* Work task *
Please quote exactly the lines below from the line containing "# 阵列(圆周)1: 拉伸2 ×46 about axis" to the line containing "Line((18, -78), (18, -67.646138101))", both lines included, and nothing else.

BEGIN Dataset excerpts

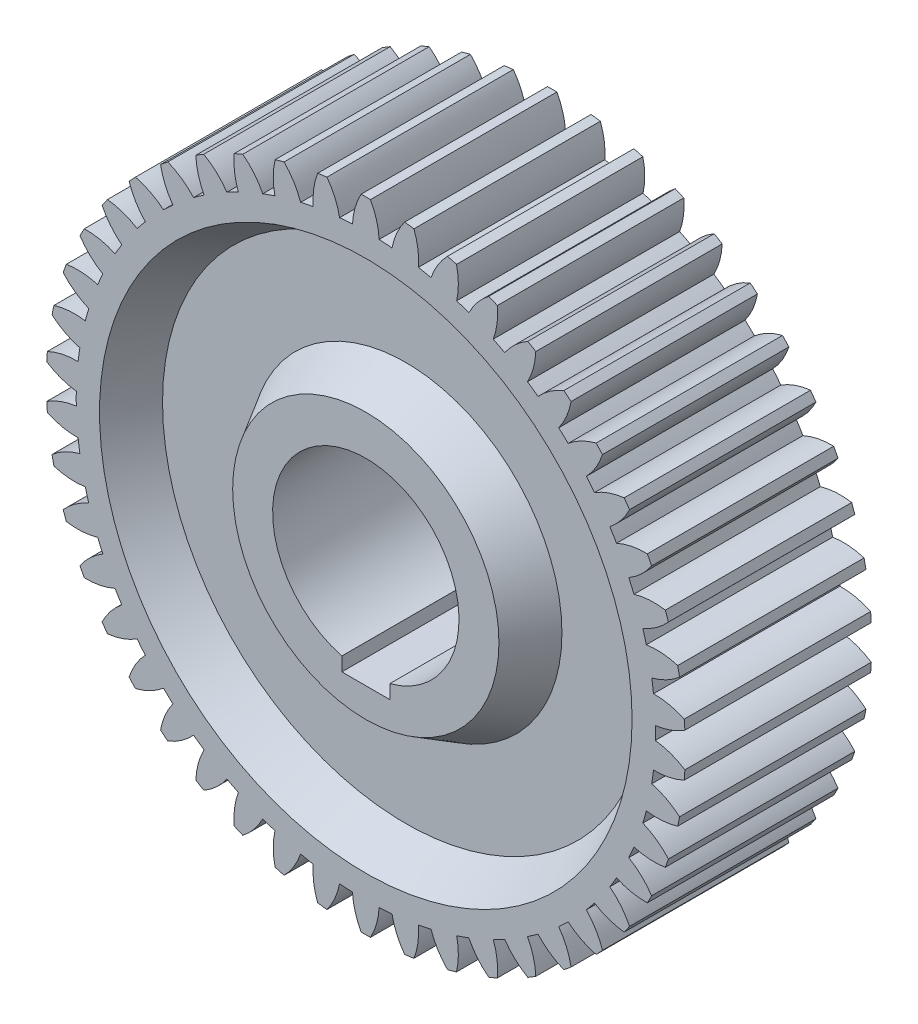
from build123d import *

# Parameters (mm, degrees)
SKETCH_1_R                 = 217.5
EXTRUDE_1_DEPTH            = 70
EXTRUDE_2_DEPTH            = 70
PATTERN_CIRCULAR_1_COUNT   = 46
CUT_EXTRUDE_1_DEPTH        = 367.925042979
SKETCH_4_R                 = 200
SKETCH_4_R_2               = 100
CUT_EXTRUDE_2_DEPTH        = 30
CUT_EXTRUDE_2_DRAFT        = 30
MIRROR_1_COPY_1_SKETCH_R   = 200
MIRROR_1_COPY_1_SKETCH_R_2 = 100
MIRROR_1_COPY_1_DEPTH      = 30
MIRROR_1_COPY_1_DRAFT      = 30


with BuildPart() as part:
    # 草图1 → 拉伸1 (new, symmetric)
    with BuildSketch(Plane.XY):
        Circle(SKETCH_1_R)
    extrude(amount=EXTRUDE_1_DEPTH, both=True)

    # 草图2 → 拉伸2 (add, symmetric)
    with BuildSketch(Plane.XY):
        with BuildLine():
            ThreePointArc((10, 217.269993326), (0, 217.5), (-10, 217.269993326))
            ThreePointArc((-10, 217.269993326), (-8.036010682, 228.990403779), (-3.5, 239.97447781))
            ThreePointArc((-3.5, 239.97447781), (0, 240), (3.5, 239.97447781))
            ThreePointArc((3.5, 239.97447781), (8.036010682, 228.990403779), (10, 217.269993326))
        make_face()
    extrude_2 = extrude(amount=EXTRUDE_2_DEPTH, both=True)

    # 阵列(圆周)1: 拉伸2 ×46 about axis
    pattern_circular_1_axis = Axis((0, 0, 0), (0, 0, 1))
    for i in range(1, PATTERN_CIRCULAR_1_COUNT):
        add(extrude_2.rotate(pattern_circular_1_axis, i * 360 / PATTERN_CIRCULAR_1_COUNT))

    # 草图3 → 切除-拉伸1 (cut, through all)
    with BuildSketch(Plane.XY.offset(-70)):
        with BuildLine():
            Line((-18, -67.646138101), (-18, -78))
            Line((-18, -78), (18, -78))
            Line((18, -78), (18, -67.646138101))
            ThreePointArc((18, -67.646138101), (0, 70), (-18, -67.646138101))
        make_face()
    extrude(amount=CUT_EXTRUDE_1_DEPTH, mode=Mode.SUBTRACT)


with BuildPart() as cut_extrude_2_tool:
    # 草图4 → 切除-拉伸2 (with draft: the straight prism first)
    with BuildSketch(Plane.XY.offset(-70)):
        Circle(SKETCH_4_R)
        Circle(SKETCH_4_R_2, mode=Mode.SUBTRACT)
    extrude(amount=CUT_EXTRUDE_2_DEPTH)
    # 切除-拉伸2: the draft: its side faces are tilted about the plane it starts from
    cut_extrude_2_sides = [cut_extrude_2_tool.faces().sort_by_distance(p)[0] for p in [
        (-200, 0, -55),
        (-100, 0, -55),
    ]]
    draft(cut_extrude_2_sides, Plane.XY.offset(-70), CUT_EXTRUDE_2_DRAFT)


with BuildPart() as part_1:
    add(part.part)

    # 切除-拉伸2: cut by cut_extrude_2_tool
    add(cut_extrude_2_tool.part, mode=Mode.SUBTRACT)


with BuildPart() as mirror_1_copy_1_tool:
    # 镜向1 copy 1 sketch → 镜向1 copy 1 (with draft: the straight prism first)
    with BuildSketch(Plane(origin=(0, 0, 70), x_dir=(1, 0, 0), z_dir=(0, 0, -1))):
        Circle(MIRROR_1_COPY_1_SKETCH_R)
        Circle(MIRROR_1_COPY_1_SKETCH_R_2, mode=Mode.SUBTRACT)
    extrude(amount=MIRROR_1_COPY_1_DEPTH)
    # 镜向1 copy 1: the draft: its side faces are tilted about the plane it starts from
    mirror_1_copy_1_sides = [mirror_1_copy_1_tool.faces().sort_by_distance(p)[0] for p in [
        (-200, 0, 55),
        (-100, 0, 55),
    ]]
    draft(mirror_1_copy_1_sides, Plane(origin=(0, 0, 70), x_dir=(1, 0, 0), z_dir=(0, 0, -1)), MIRROR_1_COPY_1_DRAFT)


with BuildPart() as part_2:
    add(part_1.part)

    # 镜向1 copy 1: cut by mirror_1_copy_1_tool
    add(mirror_1_copy_1_tool.part, mode=Mode.SUBTRACT)


solid = part_2.part
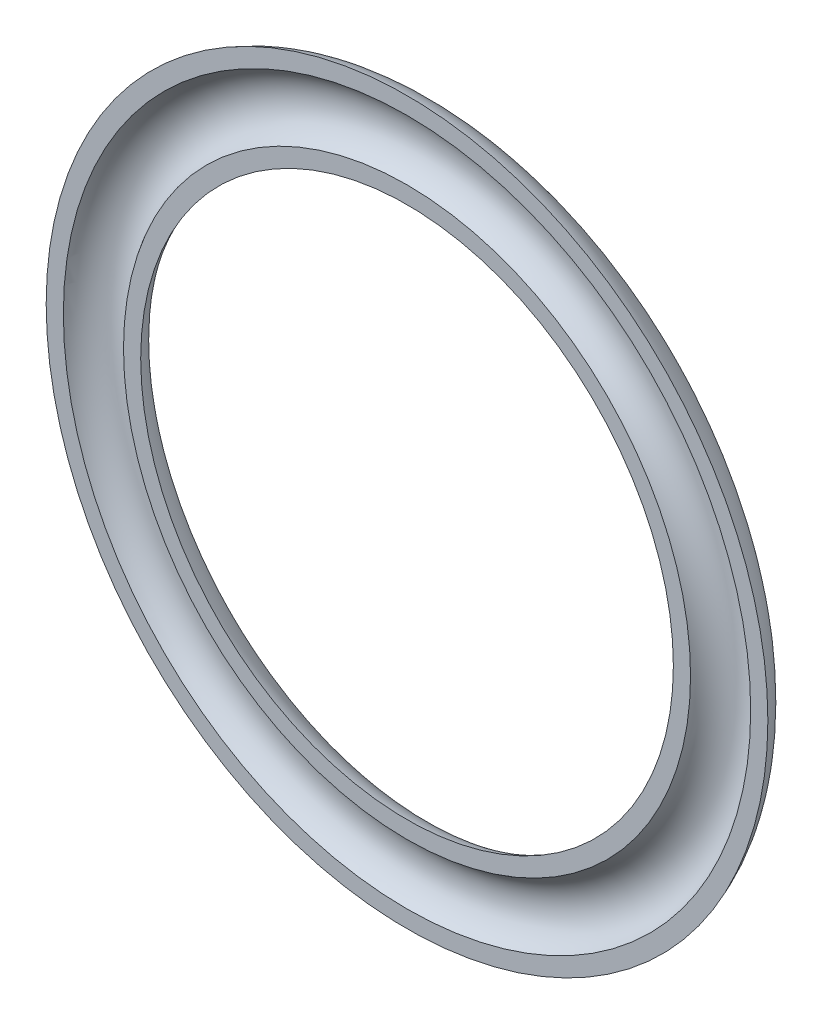
from build123d import *

# Parameters (mm, degrees)
SKETCH_1_R          = 21
SKETCH_1_R_2        = 15.5
EXTRUDE_1_DEPTH     = 2
CUT_EXTRUDE_START   = -2
SKETCH_3_R          = 21
CUT_EXTRUDE_1_DEPTH = 2


with BuildPart() as part:
    # 草图1 → 凸台-拉伸1 (new body)
    with BuildSketch(Plane.XY):
        Circle(SKETCH_1_R)
        Circle(SKETCH_1_R_2, mode=Mode.SUBTRACT)
    extrude(amount=EXTRUDE_1_DEPTH)

    # 草图2 → 旋转1 (revolve)
    with BuildSketch(Plane(origin=(0, 0, 0), x_dir=(1, 0, 0), z_dir=(0, 1, 0)), mode=Mode.PRIVATE) as revolve_1_sk:
        with BuildLine():
            Line((-21, 0), (-20, 0))
            ThreePointArc((-20, 0), (-18.25, 1.090097064), (-16.5, 0))
            Line((-16.5, 0), (-15.5, 0))
            ThreePointArc((-15.5, 0), (-18.25, 2.021587034), (-21, 0))
        make_face()
    revolve(revolve_1_sk.sketch.rotate(Axis((0, 0, 0), (0, 0, -1)), 180), axis=Axis((0, 0, 0), (0, 0, -1)))

    # 草图3 → 切除-拉伸1 (cut)
    with BuildSketch(Plane.XY.offset(2).offset(CUT_EXTRUDE_START)):
        Circle(SKETCH_3_R)
    extrude(amount=CUT_EXTRUDE_1_DEPTH, mode=Mode.SUBTRACT)


solid = part.part
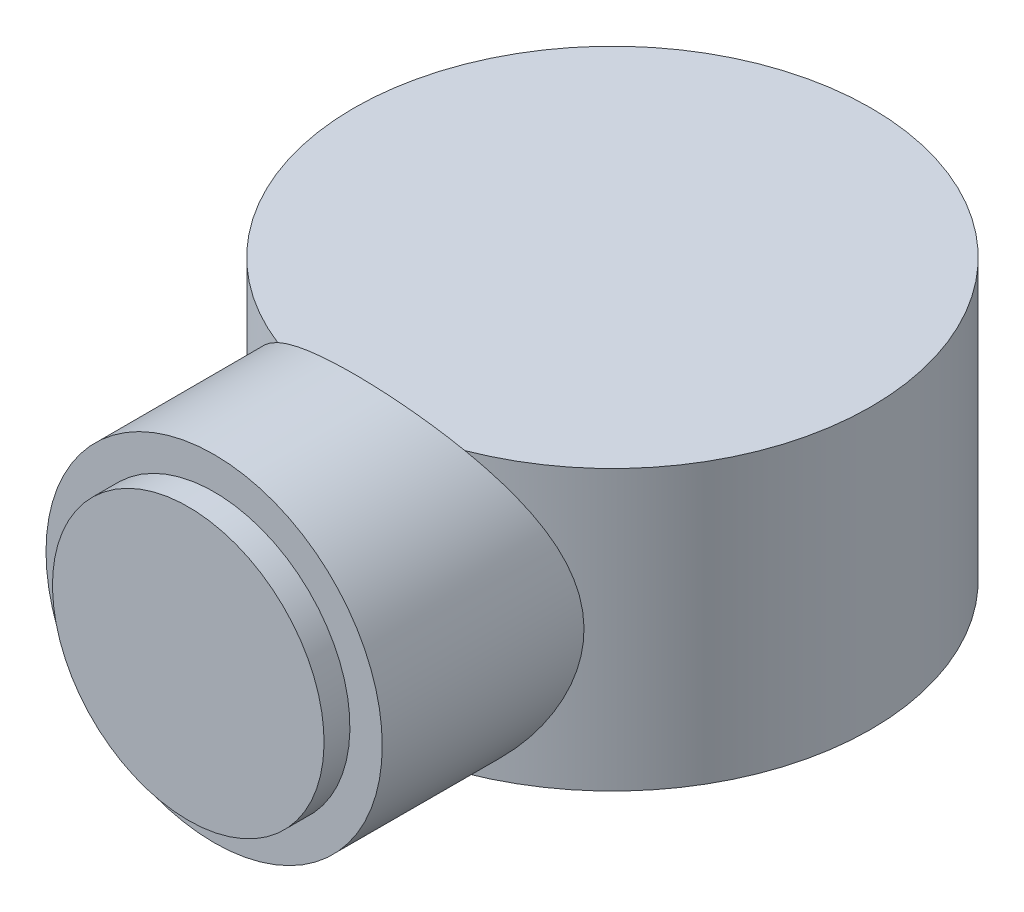
from build123d import *

# Parameters (mm, degrees)
SKETCH1_R                = 50
BOSS_EXTRUDE1_DEPTH      = 27
BOSS_EXTRUDE2_REACH      = 141.133
BOSS_EXTRUDE2_END_RADIUS = 50
SKETCH2_R                = 32.5
SKETCH3_R                = 26.25
BOSS_EXTRUDE3_DEPTH      = 5
BODY_MOVE_COPY2_ANGLE    = 120


with BuildPart() as part:
    # Sketch1 → Boss-Extrude1 (new, symmetric)
    with BuildSketch(Plane.XY):
        Circle(SKETCH1_R)
    extrude(amount=BOSS_EXTRUDE1_DEPTH, both=True)

    # Boss-Extrude2: up to this cylinder (the profile starts outside it)
    boss_extrude2_end = Plane(origin=(0, 0, 0), z_dir=(0, 0, -1)) * Cylinder(BOSS_EXTRUDE2_END_RADIUS, 383.266, mode=Mode.PRIVATE)
    # Sketch2 → Boss-Extrude2 (add, up to the surface)
    with BuildSketch(Plane(origin=(77, 0, 0), x_dir=(0, 0, -1), z_dir=(1, 0, 0)), mode=Mode.PRIVATE) as boss_extrude2_sk1:
        Circle(SKETCH2_R)
    boss_extrude2_tool1 = extrude(boss_extrude2_sk1.sketch, amount=-BOSS_EXTRUDE2_REACH, mode=Mode.PRIVATE) - boss_extrude2_end
    add(boss_extrude2_tool1.solids().sort_by_distance((77, 0, 0))[0])

    # Sketch3 → Boss-Extrude3 (add)
    with BuildSketch(Plane(origin=(77, 0, 0), x_dir=(0, 0, -1), z_dir=(1, 0, 0))):
        Circle(SKETCH3_R)
    extrude(amount=BOSS_EXTRUDE3_DEPTH)


with BuildPart() as part_1:
    # Body-Move/Copy1: moved
    add(part.part.moved(Location((-82, 0, 0))))


with BuildPart() as part_2:
    # Body-Move/Copy2: moved
    add(part_1.part.rotate(Axis((0, 0, 0), (-0.5773502691896272, -0.5773502691896252, -0.5773502691896252)), BODY_MOVE_COPY2_ANGLE))


solid = part_2.part

END Dataset excerpts

* Result of this task *
    # 阵列(圆周)1: 拉伸2 ×46 about axis
    pattern_circular_1_axis = Axis((0, 0, 0), (0, 0, 1))
    for i in range(1, PATTERN_CIRCULAR_1_COUNT):
        add(extrude_2.rotate(pattern_circular_1_axis, i * 360 / PATTERN_CIRCULAR_1_COUNT))

    # 草图3 → 切除-拉伸1 (cut, through all)
    with BuildSketch(Plane.XY.offset(-70)):
        with BuildLine():
            Line((-18, -67.646138101), (-18, -78))
            Line((-18, -78), (18, -78))
            Line((18, -78), (18, -67.646138101))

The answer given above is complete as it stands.